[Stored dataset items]
◆ ◆ ◆ ◆ ◆ ◆ ◆
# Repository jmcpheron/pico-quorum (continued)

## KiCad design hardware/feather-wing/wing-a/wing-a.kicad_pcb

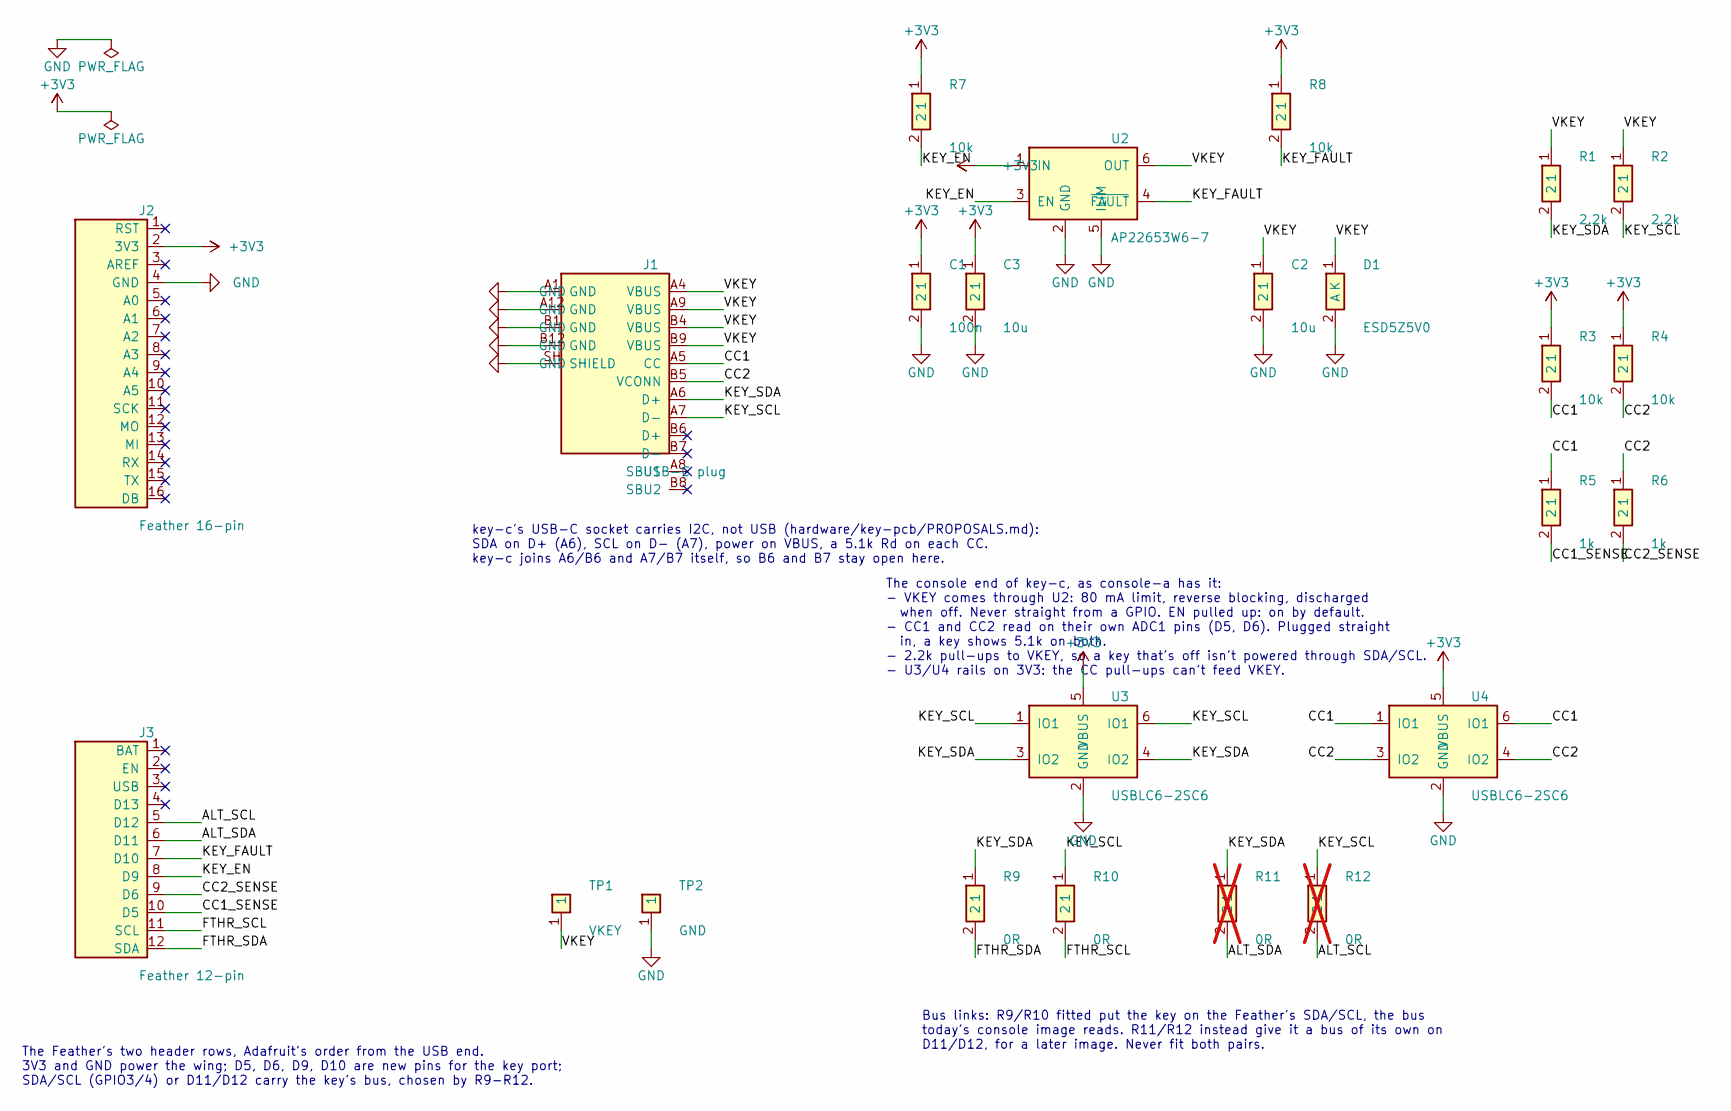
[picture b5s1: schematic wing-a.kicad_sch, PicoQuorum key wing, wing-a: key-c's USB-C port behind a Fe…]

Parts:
C1: 100n; C_0402; LCSC C1525
C2, C3: 10u; C_0603; LCSC C19702
D1: ESD5Z5V0; D_SOD-523; MPN ESD5Z5V0; LCSC C502546
J1: USB-C plug; USB_C_Plug_918-118A2021Y40002_Vertical; MPN 918-118A2021Y40002; LCSC C399939
J2: Feather 16-pin; Feather_Header_1x16
J3: Feather 12-pin; Feather_Header_1x12
R1, R2: 2.2k; R_0402; LCSC C25879
R3, R4, R7, R8: 10k; R_0402; LCSC C25744
R5, R6: 1k; R_0402; LCSC C11702
R9, R10: 0R; R_0402; LCSC C17168
R11, R12: 0R; R_0402; LCSC C17168; not fitted
TP1: VKEY; TestPad_1.5mm
TP2: GND; TestPad_1.5mm
U2: AP22653W6-7; SOT-23-6; MPN AP22653W6-7; LCSC C2158037
U3, U4: USBLC6-2SC6; SOT-23-6; MPN USBLC6-2SC6; LCSC C7519

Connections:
+3V3: C1.1, C3.1, J2.2 (3V3), R3.1, R4.1, R7.1, R8.1, U2.1 (IN), U3.5 (VBUS), U4.5 (VBUS)
/ALT_SCL: J3.5 (D12), R12.2
/ALT_SDA: J3.6 (D11), R11.2
/CC1: J1.A5 (CC), R3.2, R5.1, U4.1 (IO1), U4.6 (IO1)
/CC1_SENSE: J3.10 (D5), R5.2
/CC2: J1.B5 (VCONN), R4.2, R6.1, U4.3 (IO2), U4.4 (IO2)
/CC2_SENSE: J3.9 (D6), R6.2
/FTHR_SCL: J3.11 (SCL), R10.2
/FTHR_SDA: J3.12 (SDA), R9.2
/KEY_EN: J3.8 (D9), R7.2, U2.3 (EN)
/KEY_FAULT: J3.7 (D10), R8.2, U2.4 (~FAULT)
/KEY_LED: J1.A8 (SBU1), J1.B8 (SBU2); also elsewhere on the board
/KEY_SCL: J1.A7 (D-), R2.2, R10.1, R12.1, U3.1 (IO1), U3.6 (IO1)
/KEY_SDA: J1.A6 (D+), R1.2, R9.1, R11.1, U3.3 (IO2), U3.4 (IO2)
/LED_ALT: J2.5 (A0); also elsewhere on the board
/LED_D13: J3.4 (D13); also elsewhere on the board
/VKEY: C2.1, D1.1 (K), J1.A4 (VBUS), J1.A9 (VBUS), J1.B4 (VBUS), J1.B9 (VBUS), R1.1, R2.1, TP1.1, U2.6 (OUT)
GND: C1.2, C2.2, C3.2, D1.2 (A), J1.A1 (GND), J1.A12 (GND), J1.B1 (GND), J1.B12 (GND), J1.SH (SHIELD), J2.4 (GND), TP2.1, U2.2 (GND), U2.5 (ILIM), U3.2 (GND), U4.2 (GND); also elsewhere on the board

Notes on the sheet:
The Feather's two header rows, Adafruit's order from the USB end. 3V3 and GND power the wing; D5, D6, D9, D10 are new pins for the key port; SDA/SCL (GPIO3/4) or D11/D12 carry the key's bus, chosen by R9-R12.
key-c's USB-C socket carries I2C, not USB (hardware/key-pcb/PROPOSALS.md): SDA on D+ (A6), SCL on D- (A7), power on VBUS, a 5.1k Rd on each CC. key-c joins A6/B6 and A7/B7 itself, so B6 and B7 stay open here.
The console end of key-c, as console-a has it: - VKEY comes through U2: 80 mA limit, reverse blocking, discharged when off. Never straight from a GPIO. EN pulled up: on by default. - CC1 and CC2 read on their own ADC1 pins (D5, D6). Plugged straight in, a key shows 5.1k on both. - 2.2k pull-ups to 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
Bus links: R9/R10 fitted put the key on the Feather's SDA/SCL, the bus today's console image reads. R11/R12 instead give it a bus of its own on D11/D12, for a later image. Never fit both pairs.

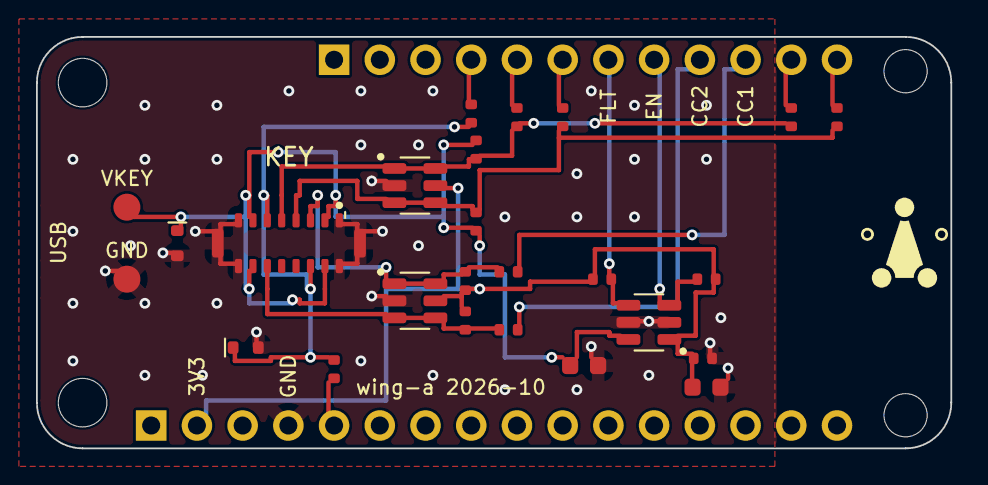
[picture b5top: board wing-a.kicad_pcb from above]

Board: 2 copper layers, 50.8 x 22.9 mm, 32 parts (0 on the bottom side), 18 nets.

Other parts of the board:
D3: ESD5Z5V0; D_SOD-523
H1, H2: M2.5; MountingHole_2.7mm
H3, H4: M2; MountingHole_2.4mm
LOGO1: PicoQuorum_Mark
R13, R14: 100; R_0402

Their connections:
/KEY_LED: D3.1, R13.1, R14.1; also elsewhere on the board
/LED_ALT: R14.2; also elsewhere on the board
/LED_D13: R13.2; also elsewhere on the board
GND: D3.2; also elsewhere on the board

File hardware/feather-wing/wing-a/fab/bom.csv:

Comment,Designator,Footprint,LCSC Part #
100n,C1,C_0402,C1525
10u,"C2,C3",C_0603,C19702
ESD5Z5V0,"D1,D3",D_SOD-523,C502546
USB-C plug,J1,USB_C_Plug_918-118A2021Y40002_Vertical,C399939
2.2k,"R1,R2",R_0402,C25879
100,R13,R_0402,C25076
10k,"R3,R4,R7,R8",R_0402,C25744
1k,"R5,R6",R_0402,C11702
0R,"R9,R10",R_0402,C17168
AP22653W6-7,U2,SOT-23-6,C2158037
USBLC6-2SC6,"U3,U4",SOT-23-6,C7519

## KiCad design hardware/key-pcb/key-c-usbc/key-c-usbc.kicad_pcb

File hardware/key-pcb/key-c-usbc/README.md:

# key-c: the USB-C key

> **P3, drawn 2026-10-23: P2 plus a green LED the console lights.** Not ordered. The files in this
> folder are P3.
>
> **P2: built and working.** 5 boards assembled by JLCPCB (order **W…1209** · PCBA **SMT…3772** ·
> $38.96). They read on the bench from 2026-10-16, and chip 3 is a Safe owner on the Feather. P2's
> files as ordered are in [`fab/P2/`](fab/P2/) and at commit `ac34fc55`.

## P3: the LED

| parts side |
|---|
|  |

P3 adds two parts, D1 and R3, and changes nothing else in the circuit:
- **D1, a green 0603 LED** (Everlight 19-217, C72043), beside U2, where the key shows when it
  stands in wing-a's plug.
- **R3, 470 Ω** (C25117), between the receptacle's SBU2 pin (B8) and D1. It comes first, so it
  limits whatever a plug puts on SBU. D1's cathode goes to ground.

**The console lights it.** wing-a joins its plug's A8 and B8 and drives them from D13 through
100 Ω ([feather-wing/README.md](../../archive/feather-wing/README.md)). D13 is the console's status LED
pin: today's image blinks it while a transaction waits for this key and keeps it on while Wi-Fi
is up (`led_tick` in `firmware/quorum.py`). So the key's LED does the same with no firmware change.
At 3.3 V that is about 1 mA, which this LED shows plainly; its datasheet rates it at 3.3 V,
20 mA.

**Only B8 is wired.** A8 sits between SDA's two receptacle pads, under SDA's via. The plug's A8 and
B8 are joined on the wing, so one of them meets B8 whichever way up the key goes in.

**Plugged in anywhere else, it stays dark.** A USB-C cable to a laptop carries no SBU on a USB 2.0
cable, and nothing on the key depends on SBU.

**Hot-swap: no change.** P2 already plugs and unplugs safely on wing-a:
- USB-C's ground and VBUS pins mate first and break last. GCT's connector drawings list them as
  "first" and the signal pins (CC, SBU, D+/D−) as "second". The HCTL receptacle's and the wing's
  plug's own drawings weren't checked for this.
- If a signal pin did touch first, U2's diodes carry what the wing's 2.2k pull-ups push into
  SDA/SCL on to the key's VCC: at most about 3 mA, set by the pull-ups.
- The key has 200 nF on VCC, and wing-a's switch limits the key's current to 80 mA.
- 11 plugs and unplugs on the bench reset nothing (log, 2026-10-16).

The rest of hot-swap is the console's: keep the key off until CC shows one, then turn it on. That
needs D5/D6 and D9 in the firmware, a new release
([feather-wing/README.md](../../archive/feather-wing/README.md#open)).

**Checked** (KiCad 10.0.6, `tools/keypcb check key-c-usbc`): ERC 0, DRC 0, 0 unconnected,
schematic parity clean. `gen_cd.py` was first checked to rebuild P2 exactly: every footprint, pad,
track and via the same.

**Ordering P3** is as P2 ([PROPOSALS.md](../PROPOSALS.md#ordering-key-c-at-jlcpcb)), plus: in the
placement preview, D1's cathode (pad 1, the bar in its silkscreen) faces the lanyard hole. D1 and
R3 are basic parts.

## P2 as ordered

| parts side | back |
|---|---|
|  |  |

These are KiCad renders of the ordered board, in the colours ordered: blue mask, white
silkscreen and silver lead-free HASL pads. KiCad has no 3D model of the HCTL receptacle, so the
connector shown is a GCT USB4105, a 16-pin receptacle of the same size and pad layout. The
renders come from a scratch copy of the board; the files below are untouched.

**3D models for CAD:** [`3d/key-c-P2.step`](3d/key-c-P2.step) is the assembled board, and
[`3d/key-c-P2-board-only.step`](3d/key-c-P2-board-only.step) is the bare board. They import
into Onshape as-is. Both come from the same scratch copy, with the same GCT stand-in connector at
J1's origin. The origin is the board centre, Z = 0 is the back face, and the USB-C end is at −Y.
The bare board is 1.51 mm thick (mask and copper not modelled). Units are mm.
To remake them: `kicad-cli pcb export step --user-origin 108x118mm`.

**Print mock-up:** [`3d/key-c-P2-print.step`](3d/key-c-P2-print.step) is a simplified version for
a 3D printer: one solid, same frame. The board, the chip bodies and the small parts are plain
blocks fused together. The USB-C receptacle is just its outer shell, with no tongue or contacts.
- The socket is 8.70 × 2.90 mm and 7.0 mm deep, so a real plug (8.25 × 2.40 mm) slides in with
  print clearance. A real-size plug was checked against it and doesn't touch.
- The shell walls are 0.8 mm (two perimeters), so the shell is 10.3 × 4.5 mm. The real one is
  8.94 × 3.26 mm, so the mock-up's shell is a little bigger.
- The board is 1.6 mm, as ordered. H1 is a 3 mm through hole.
- It prints flat, back face down, with no supports. The socket's round top bridges.
- The 0402 parts are 0.35–0.5 mm nubs and may not show on a coarse print.
- To remake it, or change the clearance or walls: `pip install cadquery`, then
  `python3 3d/print_mockup.py`.

**What it is:** an ATECC608C secure element (I2C, SOIC-8) behind a USB-C receptacle. The
receptacle is used as plain wires, not USB:
- D+ carries SDA, D− carries SCL and VBUS is key power.
- A 5.1 kΩ resistor on each CC pin tells the console a key is in.
- A USBLC6 ESD array sits between the connector and the chip.
- Four test pads on the back, and the Picoquorum mark.

The design is in [../PROPOSALS.md](../PROPOSALS.md), and the full order record is
[buildlog/2026-10-02-key-c-order.md](../../../buildlog/2026-10-02-key-c-order.md).

| | |
|---|---|
| Board | 16 × 36 mm, 2 layers, 1.6 mm, blue mask, white silkscreen, LeadFree HASL |
| Parts | U1 ATECC608C-SSHDA-T, U2 USBLC6-2SC6, J1 HCTL HC-TYPE-C-16P-01A, C1/C2 100 nF, R1/R2 5.1 kΩ |
| Files as ordered | commit `ac34fc55` on `key-pcb-learn`; Gerber zip SHA-256 `99a6dbb5…`, now in `fab/P2/` |
| Checks | ERC 0 · DRC 0 · unconnected 0 · parity clean (`tools/keypcb check key-c-usbc`) |

## Next

1. **Before plugging anything in:** build the console's end of the cable
   ([PROPOSALS.md](../PROPOSALS.md#the-console-end-of-key-c)):
   - a current-limited, reverse-blocking VBUS switch, enabled by GP6 and never GP6 directly
   - CC1 and CC2 sensed separately
   - 2.2 kΩ pull-ups to switched VBUS
2. **When the boards arrive:**
   - Look at each one under a loupe, and lightly sand the edges (they weren't deburred).
   - Meter it:
     - VCC to GND is not a short.
     - Each CC pin reads 5.1 kΩ to GND.
     - SDA and SCL aren't shorted to anything.
   - Check that the test pads read the same.
3. **First power-up on the bench:**
   - Only this key in the port.
   - Look for `0x60` in an I2C scan.
   - Read the chip's serial and configuration.
   - Lock nothing yet.
4. **Practise provisioning on a spare** before any key becomes a Safe owner.

## Log (newest first)

- **2026-10-23:** **P3 drawn**: P2 plus D1 (green LED) and R3 on SBU2, lit by the Feather's D13
  through wing-a. R1 moved left of U2 to make room. ERC/DRC clean. P2's fab files moved to
  `fab/P2/`.
- **2026-10-16:** **first power-up on the bench**, on an ESP32
  ([buildlog](../../../buildlog/BUILDLOG.md)). Nothing was locked.
  - The console's end wasn't built: key power straight from the 3.3 V rail, no CC sensing.
  - Nothing answered until IO21/IO22 had pull-ups. The ESP32's own (about 45 kΩ) were enough on
    the bench, up to 400 kHz with no errors.
  - `0x60` answered. Chip `0123e063db3354d7ee`: an ATECC608C, revision `00006005`, both zones
    unlocked, the factory table, SelfTest passes.
  - A second key, `0123147ac8c5b889ee`, also read. Plugged and unplugged 11 times between them,
    both ways round: each insertion read the right serial, and the ESP32 never reset.
- **2026-10-04:** **placement confirmed**, and the order is in production.
  - "Yes, please proceed to production."
  - The PCBA is at 13% (Data Finished) and fabrication at 0%.
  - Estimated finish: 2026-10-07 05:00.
◆ ◆ ◆ ◆ ◆ ◆ ◆
• [Your instructions]
For each line in the data that contains the string "ground", give a copy of that line.

• [Response to the exercise]
  limits whatever a plug puts on SBU. D1's cathode goes to ground.
- USB-C's ground and VBUS pins mate first and break last. GCT's connector drawings list them as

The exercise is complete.